— Work instruction —
Retype nothing but the lines from the start of the material up to and including the line with "Bus Creator3 : BusCreator". Pictures don't belong in the copy.
[[ Input data open ]]
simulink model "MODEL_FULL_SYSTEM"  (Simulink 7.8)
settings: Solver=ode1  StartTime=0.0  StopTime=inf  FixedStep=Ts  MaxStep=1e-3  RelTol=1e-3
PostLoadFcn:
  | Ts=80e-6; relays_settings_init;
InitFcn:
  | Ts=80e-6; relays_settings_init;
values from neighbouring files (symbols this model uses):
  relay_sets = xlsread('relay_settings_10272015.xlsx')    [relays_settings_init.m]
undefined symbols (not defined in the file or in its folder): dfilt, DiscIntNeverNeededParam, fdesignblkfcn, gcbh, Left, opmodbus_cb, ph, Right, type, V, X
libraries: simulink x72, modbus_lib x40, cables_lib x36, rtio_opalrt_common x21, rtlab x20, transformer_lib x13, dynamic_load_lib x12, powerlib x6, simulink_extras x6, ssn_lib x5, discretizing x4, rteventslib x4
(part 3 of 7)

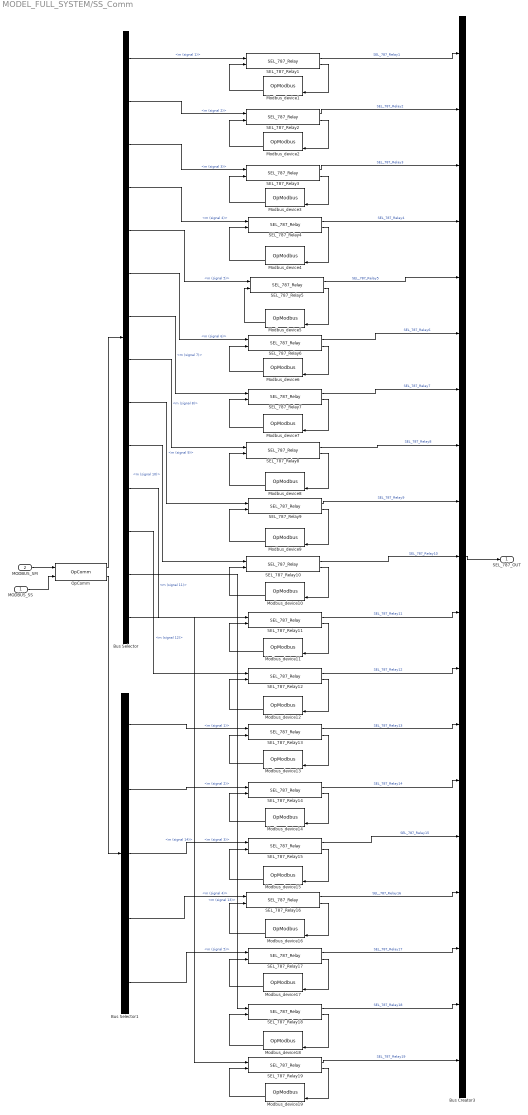
== system MODEL_FULL_SYSTEM/SS_Comm ==
  MODBUS_SS : Inport
  MODBUS_SM : Inport  Port=2
  Bus Creator3 : BusCreator  Inputs=19
  Bus Selector : BusSelector  OutputSignals=m (signal 1),m (signal 2),m (signal 3),m (signal 4),m (signal 5),m (signal 6),m (signal 7),m (signal 8),m (signal 9),m (signal 10),m (signal 11),m (signal 12),m (signal 13),m (signal 14)
  Bus Selector1 : BusSelector  OutputSignals=m (signal 1),m (signal 2),m (signal 3),m (signal 4),m (signal 5)
  Modbus_device1 : S-Function  InitFcn=opmodbus_cb();  FunctionName=OpModbus  Parameters=sample_time, conf_name  EnableBusSupport=off  mask(OpModbus){conf_name=relay_slave_cfg1.opal, conf_name_mask=relay_slave_cfg1.xls, sample_time=Ts}
      mask prompts: conf_name "Configuration file (OPAL)"; conf_name_mask "Configuration file"; sample_time "Sample time"
      mask help:
      | This block is used to simulate a Modbus-TCP Slave device. It allows exchanging data with any Modbus-TCP Master through Modbus Ethernet messaging. Using a standard network interface board, this block can be easily added to any simulation model.
      | All the configuration parameters are specified with a .csv or .xls 97-2003 file. This way, many parameters can be adjusted without re-compiling the model.
      | In real-time simulation mode, the complete modbus communication stack is handled by a dedicated thread running in parallel with the model. The communication stack does not add any significant or non-deterministic delay to the simulation.
      mask Help: eval('rtlab_io_help(''Generic/Modbus/OpModbus.htm'');');
      mask CallbackString: |opmodbus_cfg_cb('conf_name');|
      mask Display: disp(sprintf('Modbus'));
  Modbus_device10 : S-Function  InitFcn=opmodbus_cb();  FunctionName=OpModbus  Parameters=sample_time, conf_name  EnableBusSupport=off  mask(OpModbus){conf_name=relay_slave_cfg10.opal, conf_name_mask=relay_slave_cfg10.xls, sample_time=Ts}
      mask prompts: conf_name "Configuration file (OPAL)"; conf_name_mask "Configuration file"; sample_time "Sample time"
      mask help:
      | This block is used to simulate a Modbus-TCP Slave device. It allows exchanging data with any Modbus-TCP Master through Modbus Ethernet messaging. Using a standard network interface board, this block can be easily added to any simulation model.
      | All the configuration parameters are specified with a .csv or .xls 97-2003 file. This way, many parameters can be adjusted without re-compiling the model.
      | In real-time simulation mode, the complete modbus communication stack is handled by a dedicated thread running in parallel with the model. The communication stack does not add any significant or non-deterministic delay to the simulation.
      mask Help: eval('rtlab_io_help(''Generic/Modbus/OpModbus.htm'');');
      mask CallbackString: |opmodbus_cfg_cb('conf_name');|
      mask Display: disp(sprintf('Modbus'));
  Modbus_device11 : S-Function  InitFcn=opmodbus_cb();  FunctionName=OpModbus  Parameters=sample_time, conf_name  EnableBusSupport=off  mask(OpModbus){conf_name=relay_slave_cfg11.opal, conf_name_mask=relay_slave_cfg11.xls, sample_time=Ts}
      mask prompts: conf_name "Configuration file (OPAL)"; conf_name_mask "Configuration file"; sample_time "Sample time"
      mask help:
      | This block is used to simulate a Modbus-TCP Slave device. It allows exchanging data with any Modbus-TCP Master through Modbus Ethernet messaging. Using a standard network interface board, this block can be easily added to any simulation model.
      | All the configuration parameters are specified with a .csv or .xls 97-2003 file. This way, many parameters can be adjusted without re-compiling the model.
      | In real-time simulation mode, the complete modbus communication stack is handled by a dedicated thread running in parallel with the model. The communication stack does not add any significant or non-deterministic delay to the simulation.
      mask Help: eval('rtlab_io_help(''Generic/Modbus/OpModbus.htm'');');
      mask CallbackString: |opmodbus_cfg_cb('conf_name');|
      mask Display: disp(sprintf('Modbus'));
  Modbus_device12 : S-Function  InitFcn=opmodbus_cb();  FunctionName=OpModbus  Parameters=sample_time, conf_name  EnableBusSupport=off  mask(OpModbus){conf_name=relay_slave_cfg12.opal, conf_name_mask=relay_slave_cfg12.xls, sample_time=Ts}
      mask prompts: conf_name "Configuration file (OPAL)"; conf_name_mask "Configuration file"; sample_time "Sample time"
      mask help:
      | This block is used to simulate a Modbus-TCP Slave device. It allows exchanging data with any Modbus-TCP Master through Modbus Ethernet messaging. Using a standard network interface board, this block can be easily added to any simulation model.
      | All the configuration parameters are specified with a .csv or .xls 97-2003 file. This way, many parameters can be adjusted without re-compiling the model.
      | In real-time simulation mode, the complete modbus communication stack is handled by a dedicated thread running in parallel with the model. The communication stack does not add any significant or non-deterministic delay to the simulation.
      mask Help: eval('rtlab_io_help(''Generic/Modbus/OpModbus.htm'');');
      mask CallbackString: |opmodbus_cfg_cb('conf_name');|
      mask Display: disp(sprintf('Modbus'));
  Modbus_device13 : S-Function  InitFcn=opmodbus_cb();  FunctionName=OpModbus  Parameters=sample_time, conf_name  EnableBusSupport=off  mask(OpModbus){conf_name=relay_slave_cfg13.opal, conf_name_mask=relay_slave_cfg13.xls, sample_time=Ts}
      mask prompts: conf_name "Configuration file (OPAL)"; conf_name_mask "Configuration file"; sample_time "Sample time"
      mask help:
      | This block is used to simulate a Modbus-TCP Slave device. It allows exchanging data with any Modbus-TCP Master through Modbus Ethernet messaging. Using a standard network interface board, this block can be easily added to any simulation model.
      | All the configuration parameters are specified with a .csv or .xls 97-2003 file. This way, many parameters can be adjusted without re-compiling the model.
      | In real-time simulation mode, the complete modbus communication stack is handled by a dedicated thread running in parallel with the model. The communication stack does not add any significant or non-deterministic delay to the simulation.
      mask Help: eval('rtlab_io_help(''Generic/Modbus/OpModbus.htm'');');
      mask CallbackString: |opmodbus_cfg_cb('conf_name');|
      mask Display: disp(sprintf('Modbus'));
  Modbus_device14 : S-Function  InitFcn=opmodbus_cb();  FunctionName=OpModbus  Parameters=sample_time, conf_name  EnableBusSupport=off  mask(OpModbus){conf_name=relay_slave_cfg14.opal, conf_name_mask=relay_slave_cfg14.xls, sample_time=Ts}
      mask prompts: conf_name "Configuration file (OPAL)"; conf_name_mask "Configuration file"; sample_time "Sample time"
      mask help:
      | This block is used to simulate a Modbus-TCP Slave device. It allows exchanging data with any Modbus-TCP Master through Modbus Ethernet messaging. Using a standard network interface board, this block can be easily added to any simulation model.
      | All the configuration parameters are specified with a .csv or .xls 97-2003 file. This way, many parameters can be adjusted without re-compiling the model.
      | In real-time simulation mode, the complete modbus communication stack is handled by a dedicated thread running in parallel with the model. The communication stack does not add any significant or non-deterministic delay to the simulation.
      mask Help: eval('rtlab_io_help(''Generic/Modbus/OpModbus.htm'');');
      mask CallbackString: |opmodbus_cfg_cb('conf_name');|
      mask Display: disp(sprintf('Modbus'));
  Modbus_device15 : S-Function  InitFcn=opmodbus_cb();  FunctionName=OpModbus  Parameters=sample_time, conf_name  EnableBusSupport=off  mask(OpModbus){conf_name=relay_slave_cfg15.opal, conf_name_mask=relay_slave_cfg15.xls, sample_time=Ts}
      mask prompts: conf_name "Configuration file (OPAL)"; conf_name_mask "Configuration file"; sample_time "Sample time"
      mask help:
      | This block is used to simulate a Modbus-TCP Slave device. It allows exchanging data with any Modbus-TCP Master through Modbus Ethernet messaging. Using a standard network interface board, this block can be easily added to any simulation model.
      | All the configuration parameters are specified with a .csv or .xls 97-2003 file. This way, many parameters can be adjusted without re-compiling the model.
      | In real-time simulation mode, the complete modbus communication stack is handled by a dedicated thread running in parallel with the model. The communication stack does not add any significant or non-deterministic delay to the simulation.
      mask Help: eval('rtlab_io_help(''Generic/Modbus/OpModbus.htm'');');
      mask CallbackString: |opmodbus_cfg_cb('conf_name');|
      mask Display: disp(sprintf('Modbus'));
  Modbus_device16 : S-Function  InitFcn=opmodbus_cb();  FunctionName=OpModbus  Parameters=sample_time, conf_name  EnableBusSupport=off  mask(OpModbus){conf_name=relay_slave_cfg16.opal, conf_name_mask=relay_slave_cfg16.xls, sample_time=Ts}
      mask prompts: conf_name "Configuration file (OPAL)"; conf_name_mask "Configuration file"; sample_time "Sample time"
      mask help:
      | This block is used to simulate a Modbus-TCP Slave device. It allows exchanging data with any Modbus-TCP Master through Modbus Ethernet messaging. Using a standard network interface board, this block can be easily added to any simulation model.
      | All the configuration parameters are specified with a .csv or .xls 97-2003 file. This way, many parameters can be adjusted without re-compiling the model.
      | In real-time simulation mode, the complete modbus communication stack is handled by a dedicated thread running in parallel with the model. The communication stack does not add any significant or non-deterministic delay to the simulation.
      mask Help: eval('rtlab_io_help(''Generic/Modbus/OpModbus.htm'');');
      mask CallbackString: |opmodbus_cfg_cb('conf_name');|
      mask Display: disp(sprintf('Modbus'));
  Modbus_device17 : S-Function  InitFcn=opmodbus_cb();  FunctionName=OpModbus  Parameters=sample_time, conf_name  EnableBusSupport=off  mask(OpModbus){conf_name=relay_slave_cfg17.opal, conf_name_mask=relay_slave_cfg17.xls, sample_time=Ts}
[[ Input data closed ]]
— Output below —
simulink model "MODEL_FULL_SYSTEM"  (Simulink 7.8)
settings: Solver=ode1  StartTime=0.0  StopTime=inf  FixedStep=Ts  MaxStep=1e-3  RelTol=1e-3
PostLoadFcn:
  | Ts=80e-6; relays_settings_init;
InitFcn:
  | Ts=80e-6; relays_settings_init;
values from neighbouring files (symbols this model uses):
  relay_sets = xlsread('relay_settings_10272015.xlsx')    [relays_settings_init.m]
undefined symbols (not defined in the file or in its folder): dfilt, DiscIntNeverNeededParam, fdesignblkfcn, gcbh, Left, opmodbus_cb, ph, Right, type, V, X
libraries: simulink x72, modbus_lib x40, cables_lib x36, rtio_opalrt_common x21, rtlab x20, transformer_lib x13, dynamic_load_lib x12, powerlib x6, simulink_extras x6, ssn_lib x5, discretizing x4, rteventslib x4
(part 3 of 7)

== system MODEL_FULL_SYSTEM/SS_Comm ==
  MODBUS_SS : Inport
  MODBUS_SM : Inport  Port=2
  Bus Creator3 : BusCreator  Inputs=19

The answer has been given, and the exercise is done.